Para Juan Villoro (1956), no obstante, siempre queda inocencia susceptible de ser sacrificada. Porque La tierra de la gran promesa (Literatura Random House, 2021) es una exploración torrencial de los recuerdos de juventud, donde se funden anhelos, dolores y constataciones, una carta de amor al séptimo arte y un «narcothriller» pausado y sin aspavientos, magníficamente poblado de personajes memorables y frases para enmarcar, cualidades que reivindican al mexicano como un narrador excepcional.

"Villoro describe con claridad cómo recordamos: su terreno es la fragmentariedad de nuestra memoria, la facilidad con la que nos autoengañamos"

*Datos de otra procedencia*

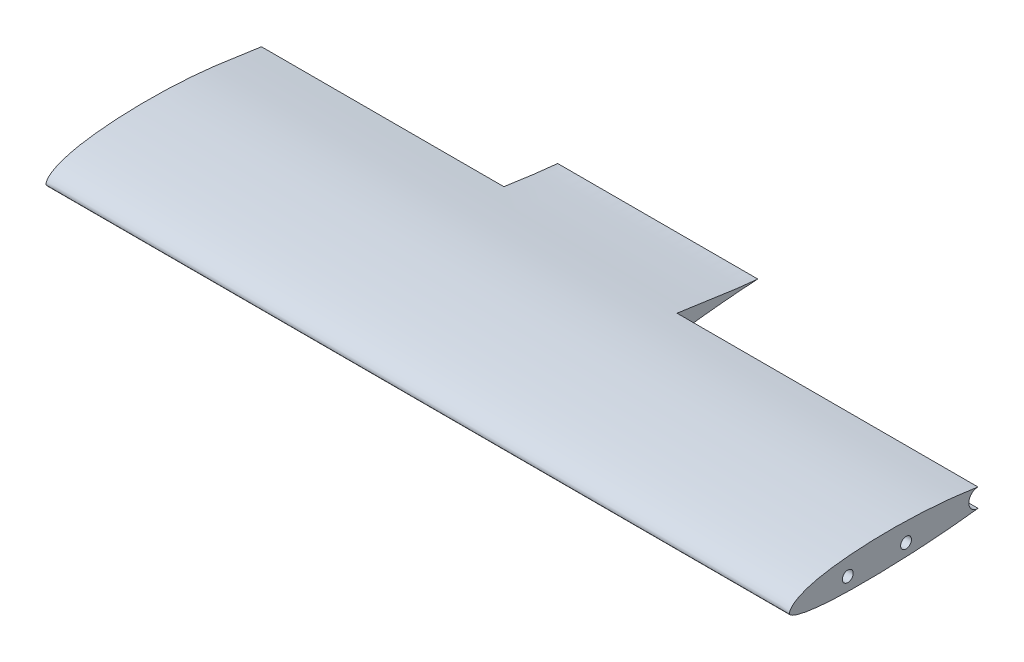
ISO-10303-21;
HEADER;
FILE_DESCRIPTION(('STEP AP214'),'2;1');
FILE_NAME('part.step','',(''),(''),'','','');
FILE_SCHEMA(('AUTOMOTIVE_DESIGN { 1 0 10303 214 1 1 1 1 }'));
ENDSEC;
DATA;
#1=APPLICATION_CONTEXT('core data for automotive mechanical design processes');
#2=APPLICATION_PROTOCOL_DEFINITION('international standard','automotive_design',2000,#1);
#3=PRODUCT_CONTEXT('',#1,'mechanical');
#4=PRODUCT('Part','Part','',(#3));
#5=PRODUCT_RELATED_PRODUCT_CATEGORY('part','',(#4));
#6=PRODUCT_DEFINITION_FORMATION('','',#4);
#7=PRODUCT_DEFINITION_CONTEXT('part definition',#1,'design');
#8=PRODUCT_DEFINITION('design','',#6,#7);
#9=PRODUCT_DEFINITION_SHAPE('','',#8);
#10=(LENGTH_UNIT() NAMED_UNIT(*) SI_UNIT(.MILLI.,.METRE.));
#11=(NAMED_UNIT(*) PLANE_ANGLE_UNIT() SI_UNIT($,.RADIAN.));
#12=(NAMED_UNIT(*) SI_UNIT($,.STERADIAN.) SOLID_ANGLE_UNIT());
#13=UNCERTAINTY_MEASURE_WITH_UNIT(LENGTH_MEASURE(1.E-05),#10,'distance_accuracy_value','');
#14=(GEOMETRIC_REPRESENTATION_CONTEXT(3) GLOBAL_UNCERTAINTY_ASSIGNED_CONTEXT((#13)) GLOBAL_UNIT_ASSIGNED_CONTEXT((#10,
#11,#12)) REPRESENTATION_CONTEXT('',''));
#15=CARTESIAN_POINT('',(0.,0.,0.));
#16=DIRECTION('',(0.,0.,1.));
#17=DIRECTION('',(1.,0.,0.));
#18=AXIS2_PLACEMENT_3D('',#15,#16,#17);
#19=CARTESIAN_POINT('',(1040.,4.83997638769715,-346.6));
#20=CARTESIAN_POINT('',(1040.,4.84868294691011,-346.59785213397));
#21=CARTESIAN_POINT('',(1040.,4.93336209756162,-345.166936044504));
#22=CARTESIAN_POINT('',(1040.,5.10700694519278,-343.709836643677));
#23=CARTESIAN_POINT('',(1040.,5.41017075794042,-340.206784132033));
#24=CARTESIAN_POINT('',(1040.,5.85268281466644,-335.905943355972));
#25=CARTESIAN_POINT('',(1040.,6.4722745474185,-330.29031907157));
#26=CARTESIAN_POINT('',(1040.,7.25373437050042,-323.655847310548));
#27=CARTESIAN_POINT('',(1040.,8.22307664941785,-315.997567636551));
#28=CARTESIAN_POINT('',(1040.,9.36156097861068,-307.423222857254));
#29=CARTESIAN_POINT('',(1040.,10.6635037599335,-298.010831034326));
#30=CARTESIAN_POINT('',(1040.,12.1173159709685,-287.854212759161));
#31=CARTESIAN_POINT('',(1040.,13.6988944275419,-277.048408585074));
#32=CARTESIAN_POINT('',(1040.,15.3817883153086,-265.691695949232));
#33=CARTESIAN_POINT('',(1040.,17.1219228948068,-253.881119893573));
#34=CARTESIAN_POINT('',(1040.,18.9007690967919,-241.720308010265));
#35=CARTESIAN_POINT('',(1040.,20.638143833598,-229.308493852932));
#36=CARTESIAN_POINT('',(1040.,22.3157910551663,-216.741551687001));
#37=CARTESIAN_POINT('',(1040.,23.7595433863055,-204.050857632811));
#38=CARTESIAN_POINT('',(1040.,24.9053426433323,-191.257428920763));
#39=CARTESIAN_POINT('',(1040.,25.8572517006955,-178.398255103325));
#40=CARTESIAN_POINT('',(1040.,26.5782085447624,-165.519761570319));
#41=CARTESIAN_POINT('',(1040.,27.0713380866151,-152.694536507981));
#42=CARTESIAN_POINT('',(1040.,27.3617048782736,-139.989981786491));
#43=CARTESIAN_POINT('',(1040.,27.4214259489243,-127.474648660722));
#44=CARTESIAN_POINT('',(1040.,27.2786662067202,-115.21693666225));
#45=CARTESIAN_POINT('',(1040.,26.9174034340255,-103.283909878835));
#46=CARTESIAN_POINT('',(1040.,26.360201212197,-91.7466650302918));
#47=CARTESIAN_POINT('',(1040.,25.602562122874,-80.6691840019192));
#48=CARTESIAN_POINT('',(1040.,24.6662261613144,-70.1181532773865));
#49=CARTESIAN_POINT('',(1040.,23.5415922869784,-60.1571368746462));
#50=CARTESIAN_POINT('',(1040.,22.2483852151924,-50.843546419187));
#51=CARTESIAN_POINT('',(1040.,20.7681558316871,-42.2316784452521));
#52=CARTESIAN_POINT('',(1040.,19.1388977835948,-34.3615830461008));
#53=CARTESIAN_POINT('',(1040.,17.3170359072766,-27.2684076187504));
#54=CARTESIAN_POINT('',(1040.,15.3019620529912,-20.9780333205586));
#55=CARTESIAN_POINT('',(1040.,13.1824606631904,-15.4779938036206));
#56=CARTESIAN_POINT('',(1040.,10.9371691606662,-10.7994149202204));
#57=CARTESIAN_POINT('',(1040.,8.63337766346878,-6.95382679368364));
#58=CARTESIAN_POINT('',(1040.,6.30098718992494,-3.93591898079676));
#59=CARTESIAN_POINT('',(1040.,3.89645227401003,-1.76621965553461));
#60=CARTESIAN_POINT('',(1040.,1.5610546807599,-0.467529411694256));
#61=CARTESIAN_POINT('',(1040.,-0.611861653624535,0.289663119257988));
#62=CARTESIAN_POINT('',(1040.,-2.77906348855156,-0.370650439303011));
#63=CARTESIAN_POINT('',(1040.,-4.21995184765395,-2.48232441391583));
#64=CARTESIAN_POINT('',(1040.,-5.67727699514903,-5.33698465791971));
#65=CARTESIAN_POINT('',(1040.,-7.07739123288437,-9.25198377943141));
#66=CARTESIAN_POINT('',(1040.,-8.39823430199488,-14.1065752398985));
#67=CARTESIAN_POINT('',(1040.,-9.61516954449393,-19.9024318244629));
#68=CARTESIAN_POINT('',(1040.,-10.7010995656754,-26.599345669982));
#69=CARTESIAN_POINT('',(1040.,-11.6537912755739,-34.1645195713889));
#70=CARTESIAN_POINT('',(1040.,-12.4597704216329,-42.5604388567903));
#71=CARTESIAN_POINT('',(1040.,-13.1153519549816,-51.7390191835686));
#72=CARTESIAN_POINT('',(1040.,-13.6251626516985,-61.6504552794448));
#73=CARTESIAN_POINT('',(1040.,-13.9816658713143,-72.2364850835678));
#74=CARTESIAN_POINT('',(1040.,-14.1886964665776,-83.4369290290459));
#75=CARTESIAN_POINT('',(1040.,-14.2450062649441,-95.1838047668361));
#76=CARTESIAN_POINT('',(1040.,-14.156607094396,-107.40667693573));
#77=CARTESIAN_POINT('',(1040.,-13.9277138872244,-120.030586221615));
#78=CARTESIAN_POINT('',(1040.,-13.5623258304755,-132.975867445929));
#79=CARTESIAN_POINT('',(1040.,-13.0683037139574,-146.159637367673));
#80=CARTESIAN_POINT('',(1040.,-12.4378717594453,-159.496107279272));
#81=CARTESIAN_POINT('',(1040.,-11.6818130666688,-172.896412867546));
#82=CARTESIAN_POINT('',(1040.,-10.7518834607499,-186.290828968544));
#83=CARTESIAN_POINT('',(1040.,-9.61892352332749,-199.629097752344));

Quizá por eso, Villoro comienza la novela con otro incendio, este verídico: el de la Cineteca Nacional, el 24 de marzo de 1982 en Ciudad de México. El templo alrededor del que orbitaban tanto el protagonista como sus amigos, un puñado de románticos y aspirantes de la cinematografía, proyectaba ese mismo día La Tierra de la Gran Promesa (1975) —sí, la obra homónima del polaco Andrzej Wajda. Este episodio traumático será el punto de partida de una historia contada en dos líneas temporales: un pasado difuso donde las posibilidades bullen y un presente enigmático donde nada ni nadie es lo que parece. Ponerse en la piel del documentalista Diego González es seguir al ajolote de las leyendas aztecas, espiar a un ser anfibio que no se decanta entre agua y tierra, que oscila entre estado larvario y desarrollado. Hablamos de un documentalista que podría haber devenido en director de cine, que vive en Barcelona para —intentar— olvidar su México natal, que ama el cuerpo de una mujer que no es con la que sueña, que habla cuando debería dormir, que es víctima a la vez que verdugo, que navega las aguas del privilegio sin alejarse de la orilla de la miseria.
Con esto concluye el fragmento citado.